GOAL OF THE EXERCISE => Check each line of the records for "body"; collect those that have it.
====== RECORDS SUPPLIED ======
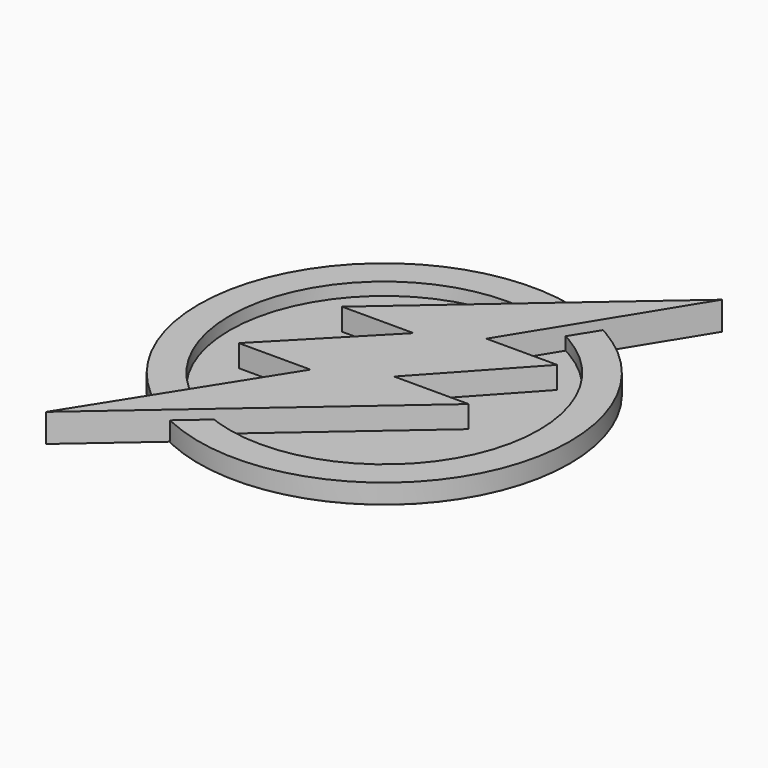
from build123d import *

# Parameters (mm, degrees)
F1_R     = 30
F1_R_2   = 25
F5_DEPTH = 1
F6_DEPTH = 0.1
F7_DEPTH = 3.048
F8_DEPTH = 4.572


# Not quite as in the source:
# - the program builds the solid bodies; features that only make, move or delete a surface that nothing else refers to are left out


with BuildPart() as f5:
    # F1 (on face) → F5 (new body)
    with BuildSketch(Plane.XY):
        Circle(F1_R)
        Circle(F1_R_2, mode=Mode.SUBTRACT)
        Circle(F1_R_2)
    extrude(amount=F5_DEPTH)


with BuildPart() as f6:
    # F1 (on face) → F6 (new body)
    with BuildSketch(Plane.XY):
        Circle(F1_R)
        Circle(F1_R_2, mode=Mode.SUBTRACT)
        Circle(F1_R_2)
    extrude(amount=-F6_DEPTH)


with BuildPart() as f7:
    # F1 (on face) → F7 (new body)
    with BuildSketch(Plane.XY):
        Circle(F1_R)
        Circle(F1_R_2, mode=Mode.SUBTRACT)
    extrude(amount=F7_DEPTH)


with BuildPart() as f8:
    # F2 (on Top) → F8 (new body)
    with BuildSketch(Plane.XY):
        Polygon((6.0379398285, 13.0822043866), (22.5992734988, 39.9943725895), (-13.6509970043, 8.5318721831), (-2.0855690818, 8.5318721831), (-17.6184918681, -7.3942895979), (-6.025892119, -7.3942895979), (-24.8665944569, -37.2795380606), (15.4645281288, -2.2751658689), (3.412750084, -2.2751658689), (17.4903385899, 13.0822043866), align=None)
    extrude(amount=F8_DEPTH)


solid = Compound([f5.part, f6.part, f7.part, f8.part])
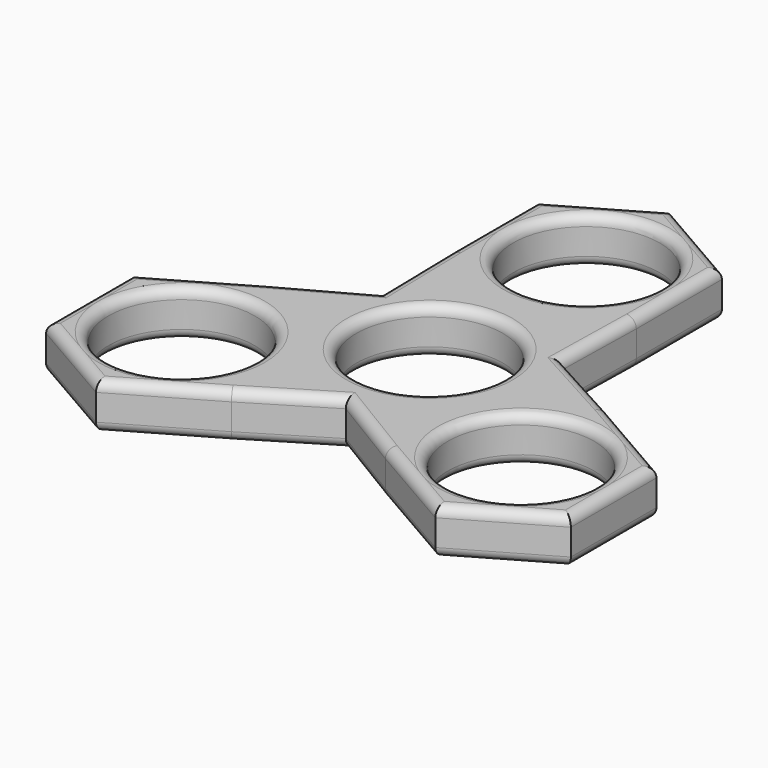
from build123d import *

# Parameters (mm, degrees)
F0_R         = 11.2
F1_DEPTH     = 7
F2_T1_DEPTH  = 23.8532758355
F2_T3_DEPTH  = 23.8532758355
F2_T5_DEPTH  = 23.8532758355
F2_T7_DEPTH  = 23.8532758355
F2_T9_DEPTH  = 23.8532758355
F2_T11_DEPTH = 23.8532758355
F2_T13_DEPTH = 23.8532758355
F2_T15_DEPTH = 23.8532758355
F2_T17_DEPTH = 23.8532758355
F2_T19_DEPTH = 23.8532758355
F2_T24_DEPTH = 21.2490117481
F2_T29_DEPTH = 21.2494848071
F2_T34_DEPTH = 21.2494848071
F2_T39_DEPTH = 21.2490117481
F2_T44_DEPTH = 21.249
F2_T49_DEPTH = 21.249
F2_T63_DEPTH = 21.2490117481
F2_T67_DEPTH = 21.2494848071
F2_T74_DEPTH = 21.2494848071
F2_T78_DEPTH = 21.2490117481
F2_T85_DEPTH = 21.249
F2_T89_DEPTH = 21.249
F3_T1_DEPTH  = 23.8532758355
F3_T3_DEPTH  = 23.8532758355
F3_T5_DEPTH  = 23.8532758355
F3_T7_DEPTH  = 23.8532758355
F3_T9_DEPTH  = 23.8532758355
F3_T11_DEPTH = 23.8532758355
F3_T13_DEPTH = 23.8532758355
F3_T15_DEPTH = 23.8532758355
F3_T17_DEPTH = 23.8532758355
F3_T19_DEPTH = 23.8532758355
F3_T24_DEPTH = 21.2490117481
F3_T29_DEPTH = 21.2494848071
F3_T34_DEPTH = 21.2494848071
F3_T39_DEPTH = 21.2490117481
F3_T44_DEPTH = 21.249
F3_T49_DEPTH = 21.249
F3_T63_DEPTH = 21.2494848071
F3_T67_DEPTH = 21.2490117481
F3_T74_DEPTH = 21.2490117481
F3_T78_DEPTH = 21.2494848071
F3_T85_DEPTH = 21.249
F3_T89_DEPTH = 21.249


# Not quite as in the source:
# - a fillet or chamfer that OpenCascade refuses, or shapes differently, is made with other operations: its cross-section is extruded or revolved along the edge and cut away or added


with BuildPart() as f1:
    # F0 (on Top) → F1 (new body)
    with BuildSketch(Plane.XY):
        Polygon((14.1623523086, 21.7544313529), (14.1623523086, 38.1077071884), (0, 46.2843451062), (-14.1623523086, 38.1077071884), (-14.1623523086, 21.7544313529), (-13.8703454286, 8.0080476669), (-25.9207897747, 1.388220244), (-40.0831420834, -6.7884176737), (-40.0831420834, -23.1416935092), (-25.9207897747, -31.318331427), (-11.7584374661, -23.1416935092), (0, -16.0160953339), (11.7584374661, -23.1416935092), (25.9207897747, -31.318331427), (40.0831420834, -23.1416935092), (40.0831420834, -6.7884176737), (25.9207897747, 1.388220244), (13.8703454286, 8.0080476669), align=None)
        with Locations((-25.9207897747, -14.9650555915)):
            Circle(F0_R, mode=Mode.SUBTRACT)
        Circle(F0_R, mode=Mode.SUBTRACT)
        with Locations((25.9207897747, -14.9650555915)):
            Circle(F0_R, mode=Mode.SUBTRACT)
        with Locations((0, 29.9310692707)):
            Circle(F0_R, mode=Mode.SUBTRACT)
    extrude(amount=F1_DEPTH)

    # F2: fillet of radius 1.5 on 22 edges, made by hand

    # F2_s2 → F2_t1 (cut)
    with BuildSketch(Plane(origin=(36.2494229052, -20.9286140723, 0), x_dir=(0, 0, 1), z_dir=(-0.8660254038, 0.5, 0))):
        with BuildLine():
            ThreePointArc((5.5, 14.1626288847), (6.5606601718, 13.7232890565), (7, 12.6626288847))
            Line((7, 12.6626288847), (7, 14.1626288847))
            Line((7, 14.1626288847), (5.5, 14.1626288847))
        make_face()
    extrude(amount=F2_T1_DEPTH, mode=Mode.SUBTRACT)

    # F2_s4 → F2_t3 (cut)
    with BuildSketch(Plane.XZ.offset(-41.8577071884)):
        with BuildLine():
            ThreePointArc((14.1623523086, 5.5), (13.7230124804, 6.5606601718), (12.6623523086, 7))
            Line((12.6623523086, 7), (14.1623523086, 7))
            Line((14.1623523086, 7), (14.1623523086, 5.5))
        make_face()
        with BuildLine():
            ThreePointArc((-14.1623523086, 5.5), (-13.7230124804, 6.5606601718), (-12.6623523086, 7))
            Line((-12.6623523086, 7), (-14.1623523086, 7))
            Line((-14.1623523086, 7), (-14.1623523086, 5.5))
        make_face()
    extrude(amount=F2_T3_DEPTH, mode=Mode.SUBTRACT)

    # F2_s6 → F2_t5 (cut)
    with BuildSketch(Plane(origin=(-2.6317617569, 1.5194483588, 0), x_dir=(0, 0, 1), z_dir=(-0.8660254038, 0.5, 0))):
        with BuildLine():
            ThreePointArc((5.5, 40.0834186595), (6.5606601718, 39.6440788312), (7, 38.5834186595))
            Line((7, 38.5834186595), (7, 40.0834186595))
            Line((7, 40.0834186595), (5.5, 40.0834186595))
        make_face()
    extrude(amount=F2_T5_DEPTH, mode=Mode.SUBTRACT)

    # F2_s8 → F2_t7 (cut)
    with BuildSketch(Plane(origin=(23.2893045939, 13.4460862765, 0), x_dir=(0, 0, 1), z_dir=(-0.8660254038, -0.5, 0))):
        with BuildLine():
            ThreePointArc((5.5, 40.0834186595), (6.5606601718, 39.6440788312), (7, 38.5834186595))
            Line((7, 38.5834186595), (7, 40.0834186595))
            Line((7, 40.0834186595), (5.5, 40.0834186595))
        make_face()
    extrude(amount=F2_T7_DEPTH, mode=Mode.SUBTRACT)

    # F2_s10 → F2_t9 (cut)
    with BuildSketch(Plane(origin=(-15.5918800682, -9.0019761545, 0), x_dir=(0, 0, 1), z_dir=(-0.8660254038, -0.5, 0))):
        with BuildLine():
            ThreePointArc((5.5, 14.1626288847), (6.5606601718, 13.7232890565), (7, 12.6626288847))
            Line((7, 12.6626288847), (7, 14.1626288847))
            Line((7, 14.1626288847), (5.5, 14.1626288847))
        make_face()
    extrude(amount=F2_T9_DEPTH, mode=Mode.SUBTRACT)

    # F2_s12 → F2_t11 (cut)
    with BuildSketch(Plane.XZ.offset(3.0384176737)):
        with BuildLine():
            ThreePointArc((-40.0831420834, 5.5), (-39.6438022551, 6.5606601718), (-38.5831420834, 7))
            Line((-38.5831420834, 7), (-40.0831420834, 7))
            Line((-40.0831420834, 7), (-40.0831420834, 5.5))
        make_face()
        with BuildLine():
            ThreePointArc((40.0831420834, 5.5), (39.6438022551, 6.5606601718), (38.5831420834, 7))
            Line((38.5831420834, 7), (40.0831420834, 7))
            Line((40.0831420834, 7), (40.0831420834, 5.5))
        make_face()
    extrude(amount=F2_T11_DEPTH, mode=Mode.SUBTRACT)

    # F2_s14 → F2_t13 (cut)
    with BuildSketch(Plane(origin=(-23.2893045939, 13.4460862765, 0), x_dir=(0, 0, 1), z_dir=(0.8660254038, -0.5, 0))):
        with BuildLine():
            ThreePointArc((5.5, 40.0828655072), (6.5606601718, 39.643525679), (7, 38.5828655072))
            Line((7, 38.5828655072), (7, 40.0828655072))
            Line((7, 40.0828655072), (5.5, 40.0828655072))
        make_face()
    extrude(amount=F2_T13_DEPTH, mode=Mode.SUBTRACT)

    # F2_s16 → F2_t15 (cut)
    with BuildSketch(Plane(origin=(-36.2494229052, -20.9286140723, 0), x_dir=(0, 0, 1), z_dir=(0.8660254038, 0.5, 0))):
======
COMPLETED TASK =>
    # F1 (on face) → F5 (new body)
    # F1 (on face) → F6 (new body)
    # F1 (on face) → F7 (new body)
    # F2 (on Top) → F8 (new body)
    # F0 (on Top) → F1 (new body)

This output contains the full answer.